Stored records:
⁂
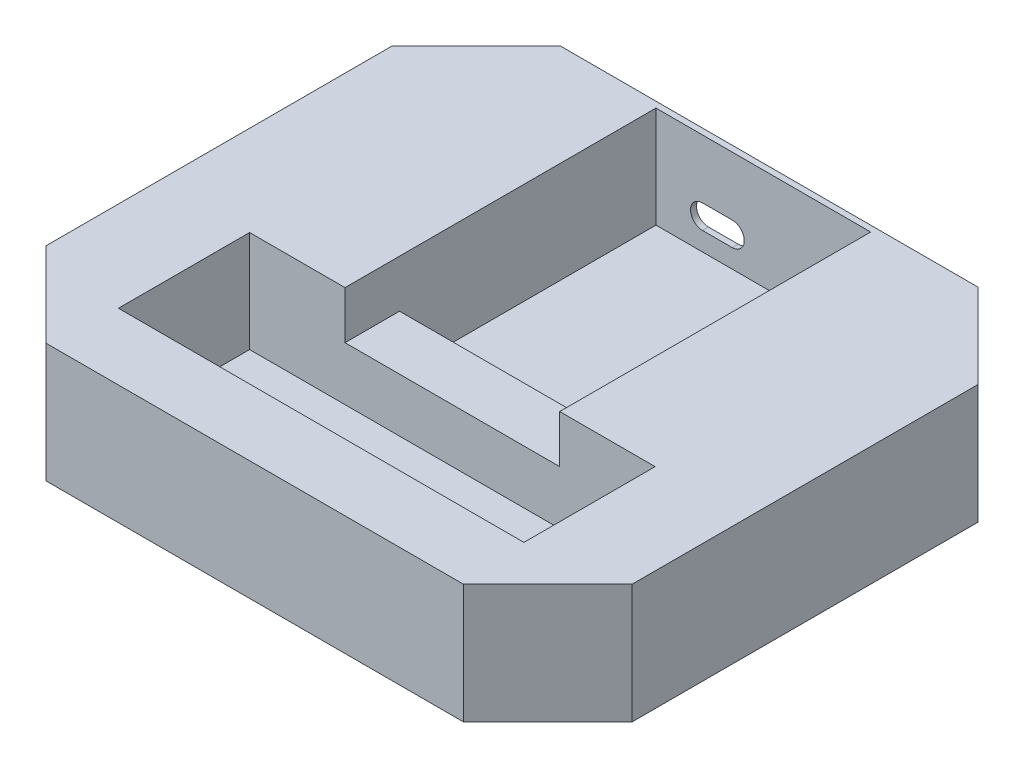
SolidWorks part; units mm, degrees
ref_plane "Front Plane" through (0, 0, 0) normal (0, 0, 1) x (1, 0, 0)
ref_plane "Top Plane" through (0, 0, 0) normal (0, 1, 0) x (1, 0, 0)
ref_plane "Right Plane" through (0, 0, 0) normal (1, 0, 0) x (0, 0, -1)
sketch "Sketch1" plane through (0, 0, 0) normal (0, 1, 0) x (1, 0, 0)
  line L0 (-35, 43.1421) -> (35, 43.1421)
  line L1 (35, 43.1421) -> (49.1421, 29)
  line L2 (49.1421, 29) -> (49.1421, -29)
  line L3 (49.1421, -29) -> (35, -43.1421)
  line L4 (35, -43.1421) -> (-35, -43.1421)
  line L5 (-35, -43.1421) -> (-49.1421, -29)
  line L6 (-49.1421, -29) -> (-49.1421, 29)
  line L7 (-49.1421, 29) -> (-35, 43.1421)
  line L8 (-49.1421, 0) -> (49.1421, 0) construction
  line L9 (0, 43.1421) -> (0, -43.1421) construction
  point P12 (0, 0)
  dimension "D1" = 70
  dimension "D2" = 20
  dimension "D3" = 58
  dimension "D4" = 135
extrude "Boss-Extrude1" add sketch "Sketch1" along normal blind 20
sketch "Sketch2" plane through (0, 20, 0) normal (0, 1, 0) x (1, 0, 0)
  line L0 (35, 43.1421) -> (-35, 43.1421) construction
  line L1 (-18, 42.1421) -> (18, 42.1421)
  line L2 (-18, 42.1421) -> (-18, -0.8579)
  line L3 (-18, -0.8579) -> (18, -0.8579)
  line L4 (18, 42.1421) -> (18, -0.8579)
  line L5 (-18, 42.1421) -> (18, -0.8579) construction
  line L6 (-18, -0.8579) -> (18, 42.1421) construction
  line L8 (-34, -10) -> (34, -10)
  line L9 (-34, -10) -> (-34, -32)
  line L10 (-34, -32) -> (34, -32)
  line L11 (34, -10) -> (34, -32)
  line L12 (-34, -10) -> (34, -32) construction
  line L13 (-34, -32) -> (34, -10) construction
  point P0 (0, 20.6421)
  point P10 (0, -21)
  dimension "D1" = 36
  dimension "D2" = 43
  dimension "D3" = 1
  dimension "D4" = 68
  dimension "D5" = 22
  dimension "D6" = 10
extrude "Cut-Extrude1" cut sketch "Sketch2" against normal blind 17
sketch "Sketch3" plane through (0, 20, 0) normal (0, 1, 0) x (1, 0, 0)
  line L0 (34, -10) -> (-34, -10) construction
  line L1 (-18, -10) -> (18, -10)
  line L2 (-18, -10) -> (-18, -0.8579)
  line L3 (-18, -0.8579) -> (18, -0.8579)
  line L4 (18, -10) -> (18, -0.8579)
  line L5 (-18, -10) -> (18, -0.8579) construction
  line L6 (-18, -0.8579) -> (18, -10) construction
  point P0 (0, -5.4289)
  dimension "D1" = 36
extrude "Cut-Extrude2" cut sketch "Sketch3" against normal blind 8
sketch "Sketch4" plane through (0, 0, -42.1421) normal (0, 0, 1) x (1, 0, 0)
  line L0 (-10.2, 8.13) -> (-5.2, 8.13) construction
  line L1 (-10.2, 10.13) -> (-5.2, 10.13)
  line L2 (-10.2, 6.13) -> (-5.2, 6.13)
  line L3 (18, 3) -> (-18, 3) construction
  line L4 (-18, 3) -> (-18, 20) construction
  arc A0 (-10.2, 10.13) -> (-10.2, 6.13) centre (-10.2, 8.13) ccw
  arc A1 (-5.2, 6.13) -> (-5.2, 10.13) centre (-5.2, 8.13) ccw
  point P2 (-7.7, 8.13)
  point P7 (-12.2, 8.13)
  point P8 (-3.2, 8.13)
  dimension "D2" = 9
  dimension "D4" = 5.8
  dimension "D1" = 4
  dimension "D3" = 3.13
extrude "Cut-Extrude3" cut sketch "Sketch4" against normal up to next
⁂
Work to be completed →
From the data, collect all lines where the string "point" appears.

Your response →
  point P12 (0, 0)
  point P0 (0, 20.6421)
  point P10 (0, -21)
  point P0 (0, -5.4289)
  point P2 (-7.7, 8.13)
  point P7 (-12.2, 8.13)
  point P8 (-3.2, 8.13)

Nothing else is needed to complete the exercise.